What’s wrong with water in the outlet of the air compressor

Reason analysis and solution for water in air compressor outlet

During the operation of an air compressor, it is a common phenomenon to appear liquid water at the outlet end, which is mainly due to the physical characteristics and equipment operating environment during the air compression process. The following is explained from three aspects: cause analysis, impact assessment and optimization measures to help enterprises respond to such problems scientifically.

1. The core cause of gas entrained water

1. Physical characteristics of air compression
   Air contains a certain amount of water vapor. When the air is compressed, the volume decreases, causing the pressure and temperature to increase. According to the gas equation of state, an increase in pressure will reduce the “water-holding capacity” of the air, and excess water vapor will condense into liquid water. For example, at standard atmospheric pressure, air at 30 ° C can accommodate about 30 grams/cubic meter of water vapor, but after compression to 0.8MPa, its water-holding capacity drops sharply to about 4 grams/cubic meter, and excess water will inevitably condense.

2. Equipment operation and post-processing system

   • Condensation of air storage tanks: After the compressed air enters the air storage tank, the pressure suddenly drops, causing the temperature to further decrease, accelerating the condensation of water vapor. If the air storage tank is not equipped with an automatic drain valve or the drainage period is not set reasonably, the accumulated water will be discharged with the air flow.
   • After-processing equipment failure: Cold dryers, dry dryers and other equipment remove water through cooling or adsorption principles. If the refrigerant of the cold dryer leaks, the evaporator frosts, or the molecular sieve of the dry dryer becomes saturated, the water removal efficiency will be greatly reduced.

3. Environmental and working conditions impact

   • ambient humidity: In a high temperature and high humidity environment, the air moisture content increases significantly. For example, 35 ° C air with a relative humidity of 80%, the water content is 2.3 times that of 25 ° C air, exacerbating condensation during compression.
   • Pressure fluctuations at the gas end: If the pipeline pressure fluctuates due to frequent start-up and shutdown of gas-using equipment, the condensed liquid water may be re-carried by the airflow, forming a “secondary water-carrying”.
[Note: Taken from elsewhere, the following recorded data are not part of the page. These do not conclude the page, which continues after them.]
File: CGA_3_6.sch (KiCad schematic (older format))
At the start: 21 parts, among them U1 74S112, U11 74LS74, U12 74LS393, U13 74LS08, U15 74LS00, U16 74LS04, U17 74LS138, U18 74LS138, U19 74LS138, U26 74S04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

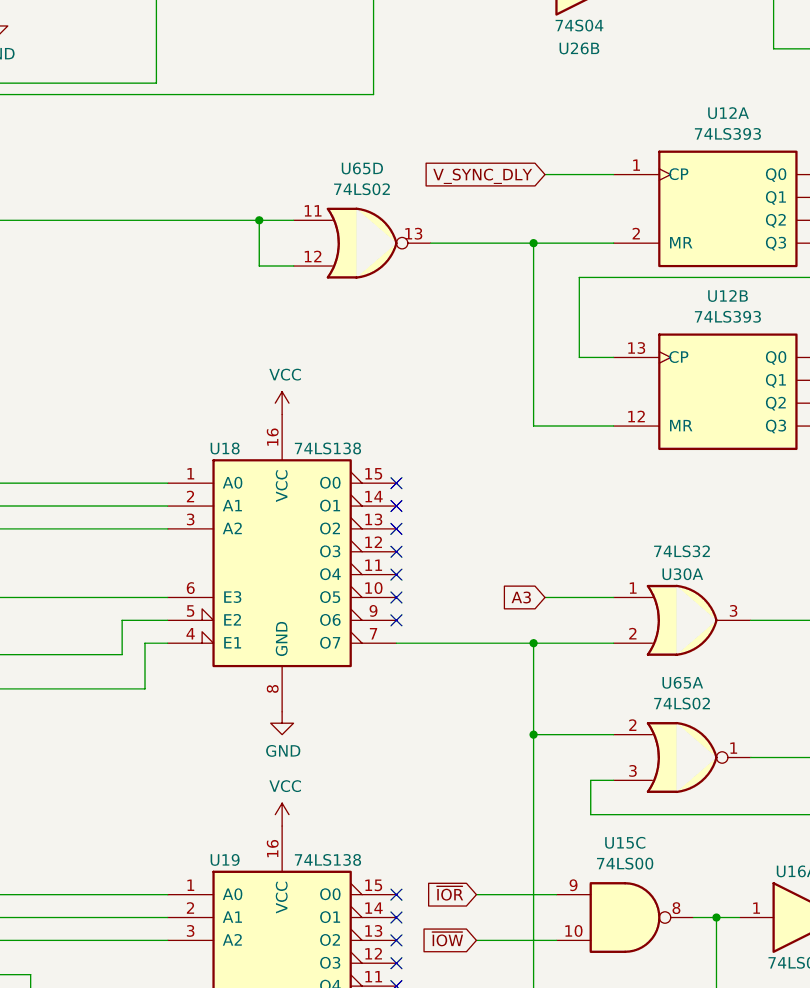
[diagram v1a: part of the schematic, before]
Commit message: Fix some more flags and footprints
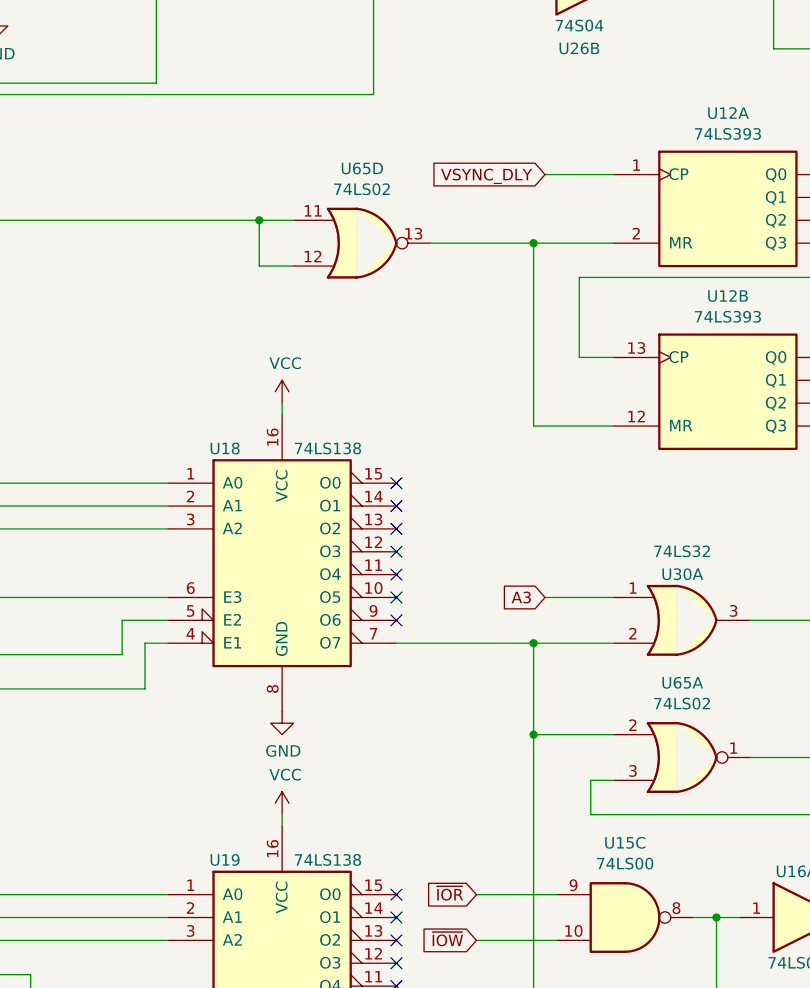
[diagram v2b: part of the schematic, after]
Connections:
- net V_SYNC_DLY renamed VSYNC_DLY
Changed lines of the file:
@@
 Connection ~ 4600 5800
 Text GLabel 4650 5500 0    50   Input ~ 0
-V_SYNC_DLY
+VSYNC_DLY
 Wire Wire Line
 	4650 5500 4950 5500
@@
 L power:VCC #PWR0170
 U 1 1 62178652
-P 3500 6550
-F 0 "#PWR0170" H 3500 6400 50  0001 C CNN
-F 1 "VCC" H 3515 6723 50  0000 C CNN
-F 2 "" H 3500 6550 50  0001 C CNN
-F 3 "" H 3500 6550 50  0001 C CNN
-	1    3500 6550
+P 3500 6500
+F 0 "#PWR0170" H 3500 6350 50  0001 C CNN
+F 1 "VCC" H 3515 6673 50  0000 C CNN
+F 2 "" H 3500 6500 50  0001 C CNN
+F 3 "" H 3500 6500 50  0001 C CNN
+	1    3500 6500
 	1    0    0    -1
 $EndComp
@@
 L power:VCC #PWR0172
 U 1 1 62233746
-P 3500 8350
-F 0 "#PWR0172" H 3500 8200 50  0001 C CNN
-F 1 "VCC" H 3515 8523 50  0000 C CNN
-F 2 "" H 3500 8350 50  0001 C CNN
-F 3 "" H 3500 8350 50  0001 C CNN
-	1    3500 8350
+P 3500 8300
+F 0 "#PWR0172" H 3500 8150 50  0001 C CNN
+F 1 "VCC" H 3515 8473 50  0000 C CNN
+F 2 "" H 3500 8300 50  0001 C CNN
+F 3 "" H 3500 8300 50  0001 C CNN
+	1    3500 8300
 	1    0    0    -1
 $EndComp
@@
 Wire Wire Line
 	5150 2650 5150 3000
+Wire Wire Line
+	3500 8300 3500 8350
+Wire Wire Line
+	3500 6550 3500 6500
 $EndSCHEMATC

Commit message: Changed footprints, moving components
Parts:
- U1, U17, U18, U19, U4, U5: footprint Package_DIP:DIP-16_W7.62mm_LongPads -> Package_DIP:DIP-16_W7.62mm
- U11, U12, U13, U15, U16, U26, U29, U3, U31, U41, U42, U49, U6, U65: footprint Package_DIP:DIP-14_W7.62mm_LongPads -> Package_DIP:DIP-14_W7.62mm
- U30: footprint (none) -> Package_DIP:DIP-14_W7.62mm

2. Impact assessment of outgas zone water

1. Equipment and process risks
   • Pneumatic equipment failure: Moisture mixed into lubricating oil will cause corrosion of cylinders, solenoid valves and other components, shortening equipment life.
   • product quality problems: In spraying, food packaging and other processes, moisture may cause defects such as coating foaming and packaging leaks.
2. safety hazards
   • The accumulation of liquid water in the pipeline may cause a “water hammer” phenomenon that impacts the pipeline connections and causes leakage.
   • In a low temperature environment, moisture freezing may block the gas path and cause equipment to shut down.

3. Systematic solutions

1. Optimize equipment configuration
   • Upgrade post-processing system: Select a high-efficiency cold dryer (dew point temperature 2-10℃) or an adsorption dryer (dew point temperature below-40℃) according to the air consumption to ensure that the compressed air pressure dew point is 5-7℃ lower than the lowest environmental temperature.
   • Add multi-stage filtration: A precision filter (accuracy 1μm) is equipped behind the cold drying machine to intercept residual liquid droplets and oil mist.
2. Strengthen maintenance management
   • Regular drainage of air storage tanks: Set up automatic drainage valves and check the discharge status in each shift to avoid accumulation of accumulated water.
   • After-treatment equipment maintenance: The cold dryer cleans the condenser quarterly and changes the refrigerant every year; the dry dryer replaces the molecular sieve every 2 years to ensure water removal performance.
3. Environment and working conditions control
   • Improve the computer room environment: Control the temperature of the compressor room below 35℃ through ventilation and cooling, and the relative humidity below 70%, reducing the initial water content of the air.
   • Pipeline optimization design: Maintain a slope of 3-5° at the gas end of the pipeline, and add an automatic drain valve at the end to avoid stagnant water.
4. Intelligent monitoring upgrade
   • Install a dew point meter to monitor the moisture content of compressed air in real time, and trigger an alarm when the dew point temperature exceeds the threshold.
   • Remotely monitor the operating status of the refrigeration dryer through the Internet of Things platform, and warn of refrigerant leaks and other faults in advance.

IV. Summary

Water from the air compressor outlet is an inevitable phenomenon in the air compression process, but it can be effectively controlled through equipment upgrades, scientific maintenance and environmental control. Enterprises should establish a full-process management system of “source governance-process control-end monitoring” to ensure that the quality of compressed air meets process requirements, reduce equipment failure rates, and improve production stability.